Blood-oxygen-level dependent or BOLD fMRI is a method of observing which areas of the brain are active at any given time. It was found by Dr. Seiji Ogawa and Dr. Robert Turner, working independently, in 1990. Neurons do not have internal reserves of energy in the form of sugar and oxygen, so their firing causes a need for more energy to be brought in quickly. Through a process called the hemodynamic response, blood releases oxygen to them at a greater rate than to inactive neurons, and the difference in magnetic susceptibility between oxyhemoglobin and deoxyhemoglobin, and thus oxygenated or deoxygenated blood, leads to magnetic signal variation which can be detected using an MRI scanner. Given many repetitions of a thought, action or experience, statistical methods can be used to determine the areas of the brain which reliably have more of this difference as a result, and therefore which areas of the brain are active during that thought, action or experience.
Almost all fMRI research uses BOLD as the method for determining where activity occurs in the brain as the result of various experiences, but because the signals are relative and not individually quantitative, some question its rigor. Other methods which propose to measure neural activity directly have been attempted (for example, measurement of the Oxygen Extraction Fraction, or OEF, in regions of the brain, which measures how much of the oxyhemoglobin in the blood has been converted to deoxyhemoglobin), but because the electromagnetic fields created by an active or firing neuron are so weak, the signal-to-noise ratio is extremely low and statistical methods used to extract quantitative data have been largely unsuccessful as of yet.

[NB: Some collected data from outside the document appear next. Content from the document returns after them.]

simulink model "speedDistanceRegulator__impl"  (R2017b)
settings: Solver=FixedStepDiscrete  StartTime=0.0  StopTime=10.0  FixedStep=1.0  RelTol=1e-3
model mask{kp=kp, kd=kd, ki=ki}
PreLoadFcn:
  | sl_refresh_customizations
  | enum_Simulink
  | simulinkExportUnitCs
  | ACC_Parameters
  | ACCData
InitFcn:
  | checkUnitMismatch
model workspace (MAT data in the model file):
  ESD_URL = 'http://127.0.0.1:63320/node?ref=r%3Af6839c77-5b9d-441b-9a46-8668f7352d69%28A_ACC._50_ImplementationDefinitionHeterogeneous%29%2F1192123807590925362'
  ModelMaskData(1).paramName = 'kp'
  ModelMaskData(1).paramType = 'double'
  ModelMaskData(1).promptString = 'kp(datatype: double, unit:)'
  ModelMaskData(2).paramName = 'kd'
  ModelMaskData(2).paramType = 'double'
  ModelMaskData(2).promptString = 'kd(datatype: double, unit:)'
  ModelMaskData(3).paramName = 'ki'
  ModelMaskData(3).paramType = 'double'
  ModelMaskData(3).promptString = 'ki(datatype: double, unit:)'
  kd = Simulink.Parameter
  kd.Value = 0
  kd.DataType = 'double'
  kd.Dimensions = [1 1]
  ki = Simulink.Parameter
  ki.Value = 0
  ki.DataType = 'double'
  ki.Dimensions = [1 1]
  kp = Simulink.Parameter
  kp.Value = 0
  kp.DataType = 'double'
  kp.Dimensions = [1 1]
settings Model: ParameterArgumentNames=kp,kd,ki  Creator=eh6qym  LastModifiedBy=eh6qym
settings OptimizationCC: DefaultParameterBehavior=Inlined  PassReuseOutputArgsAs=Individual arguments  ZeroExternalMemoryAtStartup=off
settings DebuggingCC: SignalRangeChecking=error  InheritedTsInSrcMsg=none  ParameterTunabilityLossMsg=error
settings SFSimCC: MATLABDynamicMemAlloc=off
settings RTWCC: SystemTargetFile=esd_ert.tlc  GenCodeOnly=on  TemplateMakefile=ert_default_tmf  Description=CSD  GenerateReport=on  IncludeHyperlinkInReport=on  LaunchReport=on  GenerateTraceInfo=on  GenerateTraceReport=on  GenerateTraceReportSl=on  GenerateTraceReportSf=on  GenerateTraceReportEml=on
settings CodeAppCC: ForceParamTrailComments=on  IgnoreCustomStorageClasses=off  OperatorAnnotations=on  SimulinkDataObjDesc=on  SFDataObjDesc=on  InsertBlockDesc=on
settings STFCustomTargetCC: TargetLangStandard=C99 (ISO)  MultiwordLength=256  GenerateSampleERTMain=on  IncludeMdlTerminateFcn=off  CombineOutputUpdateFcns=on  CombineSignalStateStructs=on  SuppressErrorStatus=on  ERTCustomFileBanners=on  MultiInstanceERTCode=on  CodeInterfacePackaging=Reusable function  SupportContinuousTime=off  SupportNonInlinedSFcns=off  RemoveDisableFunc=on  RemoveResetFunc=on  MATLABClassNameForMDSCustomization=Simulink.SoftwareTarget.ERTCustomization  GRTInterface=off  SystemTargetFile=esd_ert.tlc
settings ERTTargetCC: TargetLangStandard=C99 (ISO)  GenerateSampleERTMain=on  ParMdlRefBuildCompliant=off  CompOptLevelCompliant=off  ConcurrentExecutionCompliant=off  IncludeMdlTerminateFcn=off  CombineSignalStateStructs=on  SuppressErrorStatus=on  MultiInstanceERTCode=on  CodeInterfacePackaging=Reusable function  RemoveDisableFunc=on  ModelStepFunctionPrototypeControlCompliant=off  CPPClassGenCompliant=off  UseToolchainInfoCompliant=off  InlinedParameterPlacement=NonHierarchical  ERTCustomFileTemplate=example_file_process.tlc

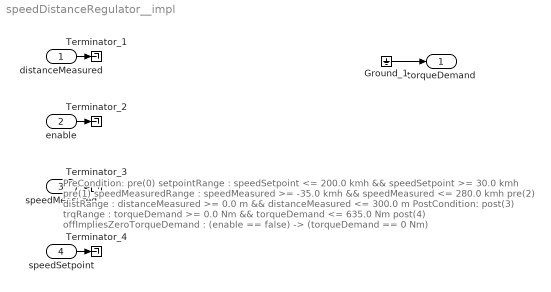
== system speedDistanceRegulator__impl ==
  note: PreCondition:
      | pre(0) setpointRange :   speedSetpoint <= 200.0 kmh && speedSetpoint >= 30.0 kmh
      | pre(1) speedMeasuredRange :   speedMeasured >= -35.0 kmh && speedMeasured <= 280.0 kmh
      | pre(2) distRange :   distanceMeasured >= 0.0 m && distanceMeasured <= 300.0 m
      | PostCondition:
      | post(3) trqRange :   torqueDemand >= 0.0 Nm && torqueDemand <= 635.0 Nm
      | post(4) offImpliesZeroTorqueDemand :   (enable == false) -> (torqueDemand == 0 Nm)
  distanceMeasured : Inport  OutDataTypeStr=double  Unit=m
      settings: AttributesFormatString=(m)
  enable : Inport  Port=2  OutDataTypeStr=boolean
  speedMeasured : Inport  Port=3  OutDataTypeStr=double  Unit=kmh
      settings: AttributesFormatString=(kmh)
  speedSetpoint : Inport  Port=4  OutDataTypeStr=double  Unit=kmh
      settings: AttributesFormatString=(kmh)
  Ground_1 : Ground
  Terminator_{1..4} (4 alike) : Terminator
  torqueDemand : Outport  OutDataTypeStr=double  Unit=Nm
      settings: AttributesFormatString=(Nm)
  wires:
  distanceMeasured/1 -> Terminator_1/1
  enable/1 -> Terminator_2/1
  speedMeasured/1 -> Terminator_3/1
  speedSetpoint/1 -> Terminator_4/1
  Ground_1/1 -> torqueDemand/1
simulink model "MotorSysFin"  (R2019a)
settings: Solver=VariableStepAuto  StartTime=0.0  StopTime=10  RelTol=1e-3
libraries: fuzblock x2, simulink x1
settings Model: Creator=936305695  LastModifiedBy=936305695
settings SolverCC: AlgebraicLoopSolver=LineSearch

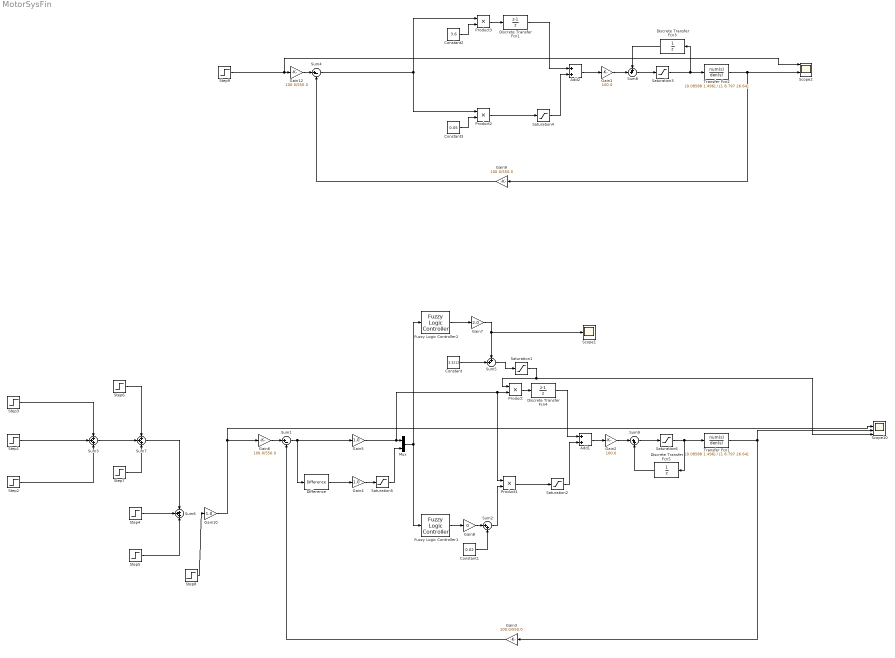
== system MotorSysFin ==
  Add1 : Sum
  Add2 : Sum
  Constant : Constant  Value=3.3212
  Constant1 : Constant  Value=0.02  SampleTime=0.002
  Constant2 : Constant  Value=3.6
  Constant3 : Constant  Value=0.05
  Difference : simulink/Discrete/Difference  ICPrevInput=0.0  OutMin=[]  OutMax=[]  OutDataType=fixdt(1, 16)  OutScaling=2^-10  DoSatur=off
  Discrete Transfer Fcn1 : DiscreteTransferFcn  Numerator=[1 -1]  Denominator=[1 0]  SampleTime=0.002
  Discrete Transfer Fcn3 : DiscreteTransferFcn  Denominator=[1 0]  SampleTime=0.002
  Discrete Transfer Fcn4 : DiscreteTransferFcn  Numerator=[1 -1]  Denominator=[1 0]  SampleTime=0.002
  Discrete Transfer Fcn5 : DiscreteTransferFcn  Denominator=[1 0]  SampleTime=0.002
  Fuzzy Logic Controller1 : fuzblock/Fuzzy Logic  Controller  FIS=mFuzzyKi  OutputSampleNumber=101  DataType=double  FuzzifiedInputs=off  RuleFiringStrengths=off  RuleOutputs=off  AggregatedOutputs=off  SimulateUsing=Interpreted execution  OutOfRangeInputValueMessage=warning  NoRuleFiredMessage=warning  EmptyOutputFuzzySetMessage=warning
  Fuzzy Logic Controller2 : fuzblock/Fuzzy Logic  Controller  FIS=mFuzzyKp  OutputSampleNumber=101  DataType=double  FuzzifiedInputs=off  RuleFiringStrengths=off  RuleOutputs=off  AggregatedOutputs=off  SimulateUsing=Interpreted execution  OutOfRangeInputValueMessage=warning  NoRuleFiredMessage=warning  EmptyOutputFuzzySetMessage=warning
  Gain1 : Gain  Gain=100.0
  Gain10 : Gain  Gain=1.0
  Gain{3,6,9,12} (4 alike) : Gain  Gain=100.0/550.0
  Gain2 : Gain  Gain=100.0
  Gain4 : Gain  Gain=1.0
  Gain5 : Gain  Gain=1.0
  Gain7 : Gain  Gain=2.0
  Gain8 : Gain  Gain=0
  Mux : Mux  Inputs=2
  Product{,1..3} (4 alike) : Product
  Saturation1 : Saturate  UpperLimit=20.0  LowerLimit=1.0
  Saturation2 : Saturate  UpperLimit=1.2  LowerLimit=-1.2
  Saturation3 : Saturate  UpperLimit=10000.0  LowerLimit=-10000.0
  Saturation4 : Saturate  UpperLimit=100  LowerLimit=-100
  Saturation5 : Saturate  UpperLimit=20.0  LowerLimit=-20.0
  Saturation6 : Saturate  UpperLimit=10000.0  LowerLimit=-10000.0
  Scope1 : Scope
  Scope10 : Scope  NumInputPorts=4
  Scope2 : Scope  NumInputPorts=4
  Step1 : Step  After=150  SampleTime=0
  Step2 : Step  Time=2  After=-100  SampleTime=0
  Step3 : Step  Time=3  After=100  SampleTime=0
  Step4 : Step  Time=6  After=-100  SampleTime=0
  Step5 : Step  Time=7  After=-50  SampleTime=0
  Step6 : Step  Time=4  After=-50  SampleTime=0
  Step7 : Step  Time=5  After=100  SampleTime=0
  Step8 : Step  After=150  SampleTime=0.002
  Step9 : Step  After=150  SampleTime=0.002
  Sum1 : Sum  Inputs=|+-
  Sum2 : Sum  Inputs=|++
  Sum3 : Sum  Inputs=+++
  Sum4 : Sum  Inputs=|+-
  Sum5 : Sum  Inputs=++|
  Sum6 : Sum  Inputs=+++
  Sum7 : Sum  Inputs=+++
  Sum8 : Sum  Inputs=++|
  Sum9 : Sum  Inputs=|++
  Transfer Fcn1 : TransferFcn  Numerator=[0.08588 1.496]  Denominator=[1 8.797 26.64]
  Transfer Fcn2 : TransferFcn  Numerator=[0.08588 1.496]  Denominator=[1 8.797 26.64]
  wires:
  Saturation2/1 -> Add1/2
  Product1/1 -> Saturation2/1
  Discrete Transfer Fcn4/1 -> Add1/1
  Transfer Fcn1/1 -> Scope10/3, Gain3/1
  Gain3/1 -> Sum1/2
  Sum1/1 -> Gain5/1, Difference/1
  Gain6/1 -> Sum1/1
  Mux/1 -> Fuzzy Logic Controller2/1, Fuzzy Logic Controller1/1
  Fuzzy Logic Controller2/1 -> Gain7/1
  Gain7/1 -> Sum5/1, Scope1/1
  Fuzzy Logic Controller1/1 -> Gain8/1
  Discrete Transfer Fcn1/1 -> Add2/1
  Product2/1 -> Saturation4/1
  Transfer Fcn2/1 -> Scope2/3, Gain9/1
  Gain9/1 -> Sum4/2
  Saturation4/1 -> Add2/2
  Gain12/1 -> Sum4/1
  Difference/1 -> Gain4/1
  Constant/1 -> Sum5/2
  Product/1 -> Discrete Transfer Fcn4/1
  Constant1/1 -> Sum2/2
  Gain8/1 -> Sum2/1
  Sum2/1 -> Product1/2
  Sum4/1 -> Product3/1, Product2/1
  Product3/1 -> Discrete Transfer Fcn1/1
  Gain4/1 -> Saturation5/1
  Gain10/1 -> Scope10/2, Gain6/1
  Saturation5/1 -> Mux/2
  Gain5/1 -> Product1/1, Product/2, Mux/1
  Step2/1 -> Sum3/3
  Step1/1 -> Sum3/2
  Step3/1 -> Sum3/1
  Step5/1 -> Sum6/3
  Step4/1 -> Sum6/2
  Sum3/1 -> Sum7/2
  Sum7/1 -> Sum6/1
  Step6/1 -> Sum7/1
  Step7/1 -> Sum7/3
  Sum5/1 -> Saturation1/1
  Saturation1/1 -> Scope10/4, Product/1
  Saturation3/1 -> Discrete Transfer Fcn3/1, Transfer Fcn2/1
  Add2/1 -> Gain1/1
  Gain1/1 -> Sum8/2
  Discrete Transfer Fcn3/1 -> Sum8/1
  Sum8/1 -> Saturation3/1
  Add1/1 -> Gain2/1
  Saturation6/1 -> Discrete Transfer Fcn5/1, Transfer Fcn1/1
  Sum9/1 -> Saturation6/1
  Gain2/1 -> Sum9/1
  Discrete Transfer Fcn5/1 -> Sum9/2
  Step8/1 -> Gain10/1
  Constant2/1 -> Product3/2
  Constant3/1 -> Product2/2
  Step9/1 -> Scope2/1, Gain12/1

Hemoglobin is diamagnetic when oxygenated but paramagnetic when deoxygenated. The magnetic resonance (MR) signal of blood is therefore slightly different depending on the level of oxygenation. These differential signals can be detected using an appropriate MR pulse sequence as blood-oxygen-level dependent (BOLD) contrast. Higher BOLD signal intensities arise from increases in the concentration of oxygenated hemoglobin since the blood magnetic susceptibility now more closely matches the tissue magnetic susceptibility. By collecting data in an MRI scanner with parameters sensitive to changes in magnetic susceptibility one can assess changes in BOLD contrast. These changes can be either positive or negative depending upon the relative changes in both cerebral blood flow (CBF) and oxygen consumption. Increases in CBF that outstrip changes in oxygen consumption will lead to increased BOLD signal, conversely decreases in CBF that outstrip changes in oxygen consumption will cause decreased BOLD signal intensity.
Neural correlates of BOLD
The precise relationship between neural signals and BOLD is under active research. In general, changes in BOLD signal are well correlated with changes in blood flow. Numerous studies during the past several decades have identified a coupling between blood flow and metabolic rate; that is, the blood supply is tightly regulated in space and time to provide the nutrients for brain metabolism. However, neuroscientists have been seeking a more direct relationship between the blood supply and the neural inputs/outputs that can be related to observable electrical activity and circuit models of brain function.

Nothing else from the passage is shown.